WHAT TO PRODUCE: In the records below, begin at the line that has "line L2 (5.0292, 4.4958) -> (6, 4.4958)" and stop after the line that has "of L1 A0.centre"; quote those lines verbatim and nothing more.
===== THE DATA
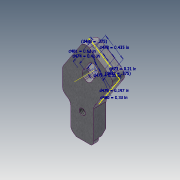
# Autodesk Inventor part: J005520
Saved by Autodesk Inventor 2015 SP1 (Build 190203100, 203)
## iProperties
Created: 2014-10-30
Material: STAINLESS STEEL, 303
Vendor: HHMI: JFRC - ID&F
Document SubType Name: Modeling
Designer: arnoldj
Density: 8 g/cm^3
Mass: 37.2011 g
Surface Area: 34.3864 cm^2
Volume: 4.65014 cm^3
Description: MBS TRAINER CLAMP ARM
Project: P-201804
Appearance: Metal-Steel (Stainless, Brushed)
Part Number: J005520
RuleStatus: InUse
AfterDocSave0: file://Part Number Cleaner
LAB/DEPT: SVOBODA (LAB)
REQUESTING SCIENTIST: SOFRONIEW, NICK
SURFACE ROUGHNESS: 63 Ra
DESIGN DEPARTMENT: HHMI: JRC - ID&F
SPECIAL FINISH: NONE
ALTERED ITEM PART NUMBER: N/A
ALTERED ITEM VENDOR: N/A
ALTERED ITEM DESCRIPTION: N/A
Revision Number: -
Autodesk Inventor part; units mm, degrees
ref_plane "YZ Plane" through (0, 0, 0) normal (1, 0, 0) x (0, 1, 0)
ref_plane "XZ Plane" through (0, 0, 0) normal (0, 1, 0) x (-1, 0, 0)
sketch "Sketch1" plane through (0, 0, 0) normal (0, 0, 1) x (1, 0, 0)
  line L0 (-6, 18.161) -> (6, 18.161)
  line L1 (6, 18.161) -> (6, 0)
  line L2 (6, 0) -> (-6, 0)
  line L3 (-6, 0) -> (-6, 18.161)
  line L4 (0, 70.59) -> (0, -11.765) projected
  line L5 (-14.4746, 0) -> (9.4124, 0) projected
  point P0 (0, 0)
  point P1 (0, 0)
  point P2 (0, 18.161)
  dimension "d0" = 12
  dimension "d1" = 18.161
  constraints: 8 end point, 2 midpoint, 2 parallel, 2 vertical alignment, 1 horizontal, 1 horizontal alignment, 1 perpendicular
  measures "d0" distance of L0.start L0.end
  measures "d1" distance of L2.end L0.start
extrude "Extrusion1" add sketch "Sketch1" along normal blind 2.54
chamfer "Chamfer2" distance 2.54 angle 45 1 edges at (6, 0, 1.27)
chamfer "Chamfer23" distance 3.175 angle 56.5 1 edges at (-6, 0, 1.27) measured on face at (-6, 6.0537, 1.6933)
chamfer "Chamfer5" distance 1.27 angle 45 1 edges at (1.1285, 0, 2.54)
fillet "Fillet4" radius 3.175 4 edges at (3.46, 0, 0.635) (6, 2.54, 1.27) (-6, 3.175, 1.27) (-1.2031, 0, 0.635)
sketch "Sketch32" plane through (0, 0, 0) normal (0, 0, -1) x (-1, 0, 0)
  line L0 (6, 18.161) -> (5.0292, 18.161)
  line L1 (5.0292, 18.161) -> (5.0292, 4.4958)
  line L2 (5.0292, 4.4958) -> (6, 4.4958)
  line L3 (6, 4.4958) -> (6, 18.161)
  line L4 (-6, 18.161) -> (-5.0292, 18.161)
  line L5 (-5.0292, 18.161) -> (-5.0292, 3.8551)
  line L6 (-6, 3.8551) -> (-6, 18.161)
  line L7 (0, -11.765) -> (0, 70.59) projected
  line L8 (-9.4124, 0) -> (14.4746, 0) projected
  line L9 (-6, 3.8551) -> (-5.0292, 3.8551)
  point P0 (0, 0)
  point P1 (-5.0292, 4.4958)
  dimension "d353" = 13.6652
  dimension "d356" = 10.0584
  dimension "d361" = 14.3059
  constraints: 16 end point, 3 horizontal, 3 parallel, 3 point on line, 2 perpendicular, 1 other
  measures "d353" distance of L2.end L0.start
  measures "d356" distance between parallel lines of L5 L1
  measures "d361" distance of L4.end L5.end
sketch "Sketch34" plane through (0, 0, 0) normal (0, 0, 1) x (1, 0, 0)
  line L0 (0, 70.59) -> (0, -11.765) projected
  line L1 (-13.9866, 0) -> (6.4842, 0) projected
  circle A0 centre (0, 5.3848) radius 1.5875
  point P0 (0, 0)
  dimension "d346" = 3.175
  dimension "d347" = 5.3848
  constraints: 1 centre point, 1 point on line
  measures "d346" diameter of A0
  measures "d347" distance from line of L1 A0.centre
extrude "Extrusion25" add sketch "Sketch34" against normal blind 1.143
chamfer "Chamfer24" distance 0.127 angle 45 1 edges at (-1.5875, 5.3848, -1.143)
extrude "Extrusion26" add sketch "Sketch32" along normal blind 3.81
chamfer "Chamfer25" distance 2.54 angle 45 2 edges at (-5.5146, 4.4958, -3.81) (5.5146, 3.8551, -3.81)
fillet "Fillet40" radius 0.254 4 edges at (6, 3.8551, -0.635) (-5.0292, 4.4958, -0.635) (-6, 4.4958, -0.635) (5.0292, 3.8551, -0.635)
sketch "Sketch9" plane through (0, 0, 2.54) normal (0, 0, 1) x (1, 0, 0)
  line L0 (-6, 18.161) -> (6, 18.161) projected
  line L1 (-6, 4.881) -> (-6, 18.161) projected
  line L2 (0, 70.59) -> (0, -11.765) projected
  line L3 (-16.4817, 0) -> (21.4548, 0) projected
  line L4 (6, 19.2992) -> (16.9142, 35.7887)
  line L5 (11.7671, 55.6242) -> (0, 37.846) construction
  line L6 (-10.2361, 29.2838) -> (1.0287, 46.3031)
  line L7 (16.9142, 35.7887) -> (1.0287, 46.3031)
  line L8 (-10.2361, 18.4248) -> (-6, 15.621)
  line L9 (-6, 4.881) -> (-6, 18.161) projected
  line L10 (6, 18.161) -> (6, 3.8551) projected
  line L11 (6, 18.161) -> (6, 3.8551) projected
  line L12 (-6, 15.621) -> (6, 15.621) construction
  line L13 (-6, 18.161) -> (6, 18.161)
  line L14 (6, 18.161) -> (6, 15.621)
  line L15 (-6, 18.161) -> (-6, 15.621)
  line L16 (-10.2361, 18.4248) -> (-10.2361, 29.2838)
  line L17 (6, 18.161) -> (6, 19.2992)
  line L18 (5.0292, 18.161) -> (5.0292, 4.1091) projected
  point P0 (-6.5, 3.8551)
  point P1 (0, 0)
  point P2 (-6, 6.731)
  point P3 (-6, 11.811)
  point P4 (6, 11.811)
  point P5 (6, 6.731)
  dimension "d188" = 19.685
  dimension "d243" = 3.81
  dimension "d244" = 15.24
  dimension "d265" = 2.54
  dimension "d383" = 5.08
  dimension "d384" = 56.5
  dimension "d471" = 7.62
  dimension "d472" = 146.5
  constraints: 22 end point, 3 parallel, 3 point on line, 2 collinear, 2 perpendicular, 2 vertical, 4 other
  measures "d188" distance from line of L0 L5.end
  measures "d243" distance between parallel lines of L5 L6
  measures "d244" distance between parallel lines of L5 L4
  measures "d265" distance from line of L0 L8.end
  measures "d383" distance of L8.start L8.end
  measures "d384" angle to the sketch y axis of L8
  measures "d471" distance from line of L5.end L7
  measures "d472" angle of L4 L17
extrude "Extrusion6-Main Body" add sketch "Sketch9" against normal blind 6.35
sketch "Sketch37" plane through (0, 0, -3.81) normal (0, 0, -1) x (-1, 0, 0)
  line L0 (-16.9142, 35.7887) -> (-1.0287, 46.3031) projected
  line L1 (-6.8533, 42.4478) -> (-13.7371, 37.8916)
  line L2 (-13.7371, 37.8916) -> (10.2361, 1.672)
  line L3 (10.2361, 29.2838) -> (10.2361, 18.4248) projected
  line L4 (10.2361, 16.6284) -> (10.2361, 1.672)
  line L5 (10.2361, 29.2838) -> (10.2361, 18.4248) projected
  line L6 (10.2361, 16.6284) -> (-6.8533, 42.4478)
  line L7 (-16.9142, 35.7887) -> (-1.0287, 46.3031) projected
  line L8 (-6, 19.2992) -> (-16.9142, 35.7887) projected
  point P0 (0, 0)
  point P1 (-7.016, 38.7359)
  dimension "d420" = 8.255
  dimension "d465" = 3.81
  constraints: 8 end point, 4 point on line, 2 perpendicular, 1 collinear, 1 other
  measures "d420" distance between parallel lines of L2 L6
extrude "Extrusion29" [suppressed]
sketch "Sketch38" plane through (0, 0, -6.35) normal (0, 0, -1) x (-1, 0, 0)
  line L0 (-8.8086, 55.8253) -> (11.0622, 25.8039) construction
  line L1 (-3.2486, 59.5053) -> (11.0622, 37.884) construction
  line L2 (7.204, 31.633) -> (12.7639, 35.313) construction
  line L3 (-3.3104, 47.5185) -> (2.2495, 51.1985) construction
  line L4 (0.1944, 42.2233) -> (5.7543, 45.9034) construction
  line L5 (3.6992, 36.9282) -> (9.2591, 40.6082) construction
  circle A0 centre (-3.3104, 47.5185) radius 2.5 construction
  circle A1 centre (7.204, 31.633) radius 2.5 construction
  line L6 (-4.6903, 49.6032) -> (-5.9372, 48.7779) construction
  line L7 (-12.2504, 53.5472) -> (11.0622, 18.3257) projected
  line L8 (11.0622, 33.2821) -> (-5.3667, 58.1034) projected
  line L9 (-5.3667, 58.1034) -> (-12.2504, 53.5472) projected
  line L10 (11.0622, 18.3257) -> (11.0622, 33.2821) projected
  line L11 (-6.8152, 52.8137) -> (-1.2553, 56.4937) construction
  line L12 (-3.2486, 59.5053) -> (11.0622, 37.884) construction
  line L13 (-5.3667, 58.1034) -> (-3.2486, 59.5053) projected
  line L14 (-21.0658, 0) -> (18.4022, 0) projected
  point P0 (0, 0)
  point P1 (-3.5598, 58.825)
  dimension "d415" = 5
  dimension "d407" = 6.35
  dimension "d410" = 6.35
  dimension "d411" = 6.35
  dimension "d412" = 9.9615
  dimension "d413" = 6.9903
  dimension "d416" = 5
  dimension "d421" = 8.255
  dimension "d422" = 4.1275
  dimension "d427" = 6.35
  dimension "d461" = 19.6903
  dimension "d464" = 42.2233
  constraints: 14 end point, 7 point on line, 2 coincident, 2 midpoint, 1 centre point, 1 parallel, 1 perpendicular, 15 other
  measures "d407" distance between parallel lines of L3 L4
  measures "d410" distance between parallel lines of L4 L5
  measures "d411" distance between parallel lines of L2 L5
  measures "d412" distance from line of L0.start L3
  measures "d413" distance from line of L0.end L2
  measures "d416" diameter of A1
  measures "d421" distance between parallel lines of L7 L8
  measures "d422" distance between parallel lines of L7 L0
  measures "d427" distance from line of L3 L11.start
  measures "d461" distance from line of L0.end L4
  measures "d464" distance from line of L4.start L14
hole "Hole3" [suppressed]
fillet "Fillet46" [suppressed]
fillet "Fillet47" [suppressed]
fillet "Fillet48" [suppressed]
sketch "Sketch39" plane through (0, 0, -3.81) normal (0, 0, -1) x (-1, 0, 0)
  line L0 (5.0292, 18.161) -> (-5.0292, 18.161)
  line L1 (5.0292, 18.161) -> (-5.0292, 18.161)
  line L2 (-5.0292, 18.161) -> (-5.0292, 23.876)
  line L3 (-5.0292, 23.876) -> (5.0292, 23.876)
  line L4 (5.0292, 23.876) -> (5.0292, 18.161)
  line L5 (5.0292, 18.161) -> (-5.0292, 18.161)
  line L6 (0, -9.2606) -> (0, 55.5637) projected
  line L7 (-22.3442, 0) -> (15.6662, 0) projected
  point P0 (0, 0)
  dimension "d429" = 5.715
  dimension "d433" = 18.161
  dimension "d434" = 5.0292
  dimension "d435" = 10.0584
  constraints: 12 end point, 3 equal length, 1 perpendicular
  measures "d429" distance of L3.end L0.start
  measures "d433" distance between parallel lines of L7 L0
  measures "d434" distance between parallel lines of L6 L4
  measures "d435" distance of L2.end L3.end
extrude "Extrusion30" cut sketch "Sketch39" against normal blind 3.81
sketch "Sketch41" plane through (0, 0, 0) normal (0, 0, -1) x (-1, 0, 0)
  line L0 (5.0292, 23.876) -> (-5.0292, 23.876)
  line L1 (-5.0292, 23.876) -> (-5.0292, 10.795)
  line L2 (-5.0292, 10.795) -> (5.0292, 10.795)
  line L3 (5.0292, 10.795) -> (5.0292, 23.876)
  line L4 (-5.0292, 23.876) -> (-5.0292, 4.1091) projected
  point P0 (0, 0)
  dimension "d439" = 10.795
  constraints: 8 end point, 2 parallel, 2 perpendicular
  measures "d439" distance from line of L2 point (0, 0)
extrude "Extrusion31" add sketch "Sketch41" along normal blind 0.635
fillet "Fillet49" radius 1.651 4 edges at (-5.0292, 23.876, -2.2225) (5.0292, 23.876, -2.2225) (-5.0292, 10.795, -0.3175) (5.0292, 10.795, -0.3175)
sketch "Sketch42" plane through (0, 0, -3.81) normal (0, 0, -1) x (-1, 0, 0)
  point P0 (0, 0)
sketch "Sketch43" plane through (0, 0, -3.81) normal (0, 0, -1) x (-1, 0, 0)
  line L0 (0, -9.2606) -> (0, 55.5637) projected
  line L1 (-22.3442, 0) -> (15.6662, 0) projected
  line L2 (-3.3782, 23.876) -> (3.3782, 23.876) projected
  point P0 (0, 0)
  point P1 (0, 13.97)
  dimension "d450" = 13.97
  dimension "d458" = 9.906
  dimension "d459" = 23.876
  constraints: 1 point on line
  measures "d450" distance from line of L1 point (0, 13.97)
  measures "d458" distance from line of point (0, 13.97) L2
  measures "d459" distance from line of point (0, 0) L2
hole "Hole5" at (0, 13.97, -3.81) direction (0, 0, 1) diameter 3.2512 end through all
sketch "Sketch45" plane through (0, 0, 0) normal (0, 0, 1) x (1, 0, 0)
  line L0 (16.9142, 35.7887) -> (1.0287, 46.3031) projected
  line L1 (1.0287, 46.3031) -> (-10.2361, 29.2838) projected
  line L2 (6, 19.2992) -> (16.9142, 35.7887) projected
  line L3 (8.9714, 41.0459) -> (-7.2913, 16.4757) construction
  line L4 (-10.2361, 18.4248) -> (-6, 15.621) construction
  line L5 (3.4147, 27.8186) -> (9.1626, 36.5027)
  line L6 (9.1626, 36.5027) -> (4.7147, 39.4467)
  line L7 (4.7147, 39.4467) -> (-1.0332, 30.7626)
  line L8 (-1.0332, 30.7626) -> (3.4147, 27.8186)
  line L9 (3.4147, 27.8186) -> (4.7147, 39.4467) construction
  line L10 (9.1626, 36.5027) -> (-1.0332, 30.7626) construction
  line L11 (4.3956, 24.1234) -> (12.9474, 37.0436)
  line L12 (12.9474, 37.0436) -> (3.7338, 43.1419)
  line L13 (3.7338, 43.1419) -> (-4.818, 30.2217)
  line L14 (-4.818, 30.2217) -> (4.3956, 24.1234)
  line L15 (4.3956, 24.1234) -> (3.7338, 43.1419) construction
  line L16 (12.9474, 37.0436) -> (-4.818, 30.2217) construction
  circle A0 centre (5.4684, 35.7534) radius 2.5019 construction
  circle A1 centre (5.4684, 35.7534) radius 4.191 construction
  point P0 (0, 0)
  point P1 (4.0647, 33.6326)
  point P2 (4.0647, 33.6326)
  dimension "d473" = 5.334
  dimension "d474" = 10.414
  dimension "d475" = 8.89
  dimension "d478" = 11.049
  dimension "d479" = 5.0038
  dimension "d480" = 8.382
  dimension "d481" = 15.494
  dimension "d487" = 9.525
  dimension "d488" = 9.525
  constraints: 26 end point, 7 parallel, 5 midpoint, 3 point on line, 2 centre point, 2 coincident, 2 perpendicular
  measures "d473" distance of L5.end L6.end
  measures "d474" distance of L6.end L7.end
  measures "d475" distance from line of L0 point (4.065, 33.633)
  measures "d478" distance of L11.end L12.end
  measures "d479" diameter of A0
  measures "d480" diameter of A1
  measures "d481" distance of L12.end L13.end
  measures "d487" distance between parallel lines of L2 L3
  measures "d488" distance between parallel lines of L3 L1
extrude "Extrusion33" cut sketch "Sketch45" along normal mid plane 25.4 contours L8 L7 L6 L5
sketch "Sketch47" plane through (0, 0, -3.81) normal (0, 0, -1) x (-1, 0, 0)
  line L0 (-12.9474, 37.0436) -> (-3.7338, 43.1419) projected
  line L1 (-3.7338, 43.1419) -> (4.818, 30.2217) projected
  line L2 (-4.3956, 24.1234) -> (-12.9474, 37.0436) projected
  line L3 (4.818, 30.2217) -> (-4.3956, 24.1234) projected
  point P0 (0, 0)
extrude "Extrusion34" cut sketch "Sketch47" against normal blind 3.175
fillet "Fillet50" radius 2.3813 4 edges at (3.4147, 27.8186, 0.9525) (9.1626, 36.5027, 0.9525) (4.7147, 39.4467, 0.9525) (-1.0332, 30.7626, 0.9525)
fillet "Fillet51" radius 3.175 4 edges at (4.3956, 24.1234, -2.2225) (-4.818, 30.2217, -2.2225) (12.9474, 37.0436, -2.2225) (3.7338, 43.1419, -2.2225)
fillet "Fillet52" radius 3.175 6 edges at (6, 19.2992, -0.635) (16.9142, 35.7887, -0.635) (1.0287, 46.3031, -0.635) (-10.2361, 29.2838, -0.635) (-10.2361, 18.4248, -0.635) (-6, 15.621, -0.635)
body "Solid1"
==========
ANSWER TO THE PROBLEM:
  line L2 (5.0292, 4.4958) -> (6, 4.4958)
  line L3 (6, 4.4958) -> (6, 18.161)
  line L4 (-6, 18.161) -> (-5.0292, 18.161)
  line L5 (-5.0292, 18.161) -> (-5.0292, 3.8551)
  line L6 (-6, 3.8551) -> (-6, 18.161)
  line L7 (0, -11.765) -> (0, 70.59) projected
  line L8 (-9.4124, 0) -> (14.4746, 0) projected
  line L9 (-6, 3.8551) -> (-5.0292, 3.8551)
  point P0 (0, 0)
  point P1 (-5.0292, 4.4958)
  dimension "d353" = 13.6652
  dimension "d356" = 10.0584
  dimension "d361" = 14.3059
  constraints: 16 end point, 3 horizontal, 3 parallel, 3 point on line, 2 perpendicular, 1 other
  measures "d353" distance of L2.end L0.start
  measures "d356" distance between parallel lines of L5 L1
  measures "d361" distance of L4.end L5.end
sketch "Sketch34" plane through (0, 0, 0) normal (0, 0, 1) x (1, 0, 0)
  line L0 (0, 70.59) -> (0, -11.765) projected
  line L1 (-13.9866, 0) -> (6.4842, 0) projected
  circle A0 centre (0, 5.3848) radius 1.5875
  point P0 (0, 0)
  dimension "d346" = 3.175
  dimension "d347" = 5.3848
  constraints: 1 centre point, 1 point on line
  measures "d346" diameter of A0
  measures "d347" distance from line of L1 A0.centre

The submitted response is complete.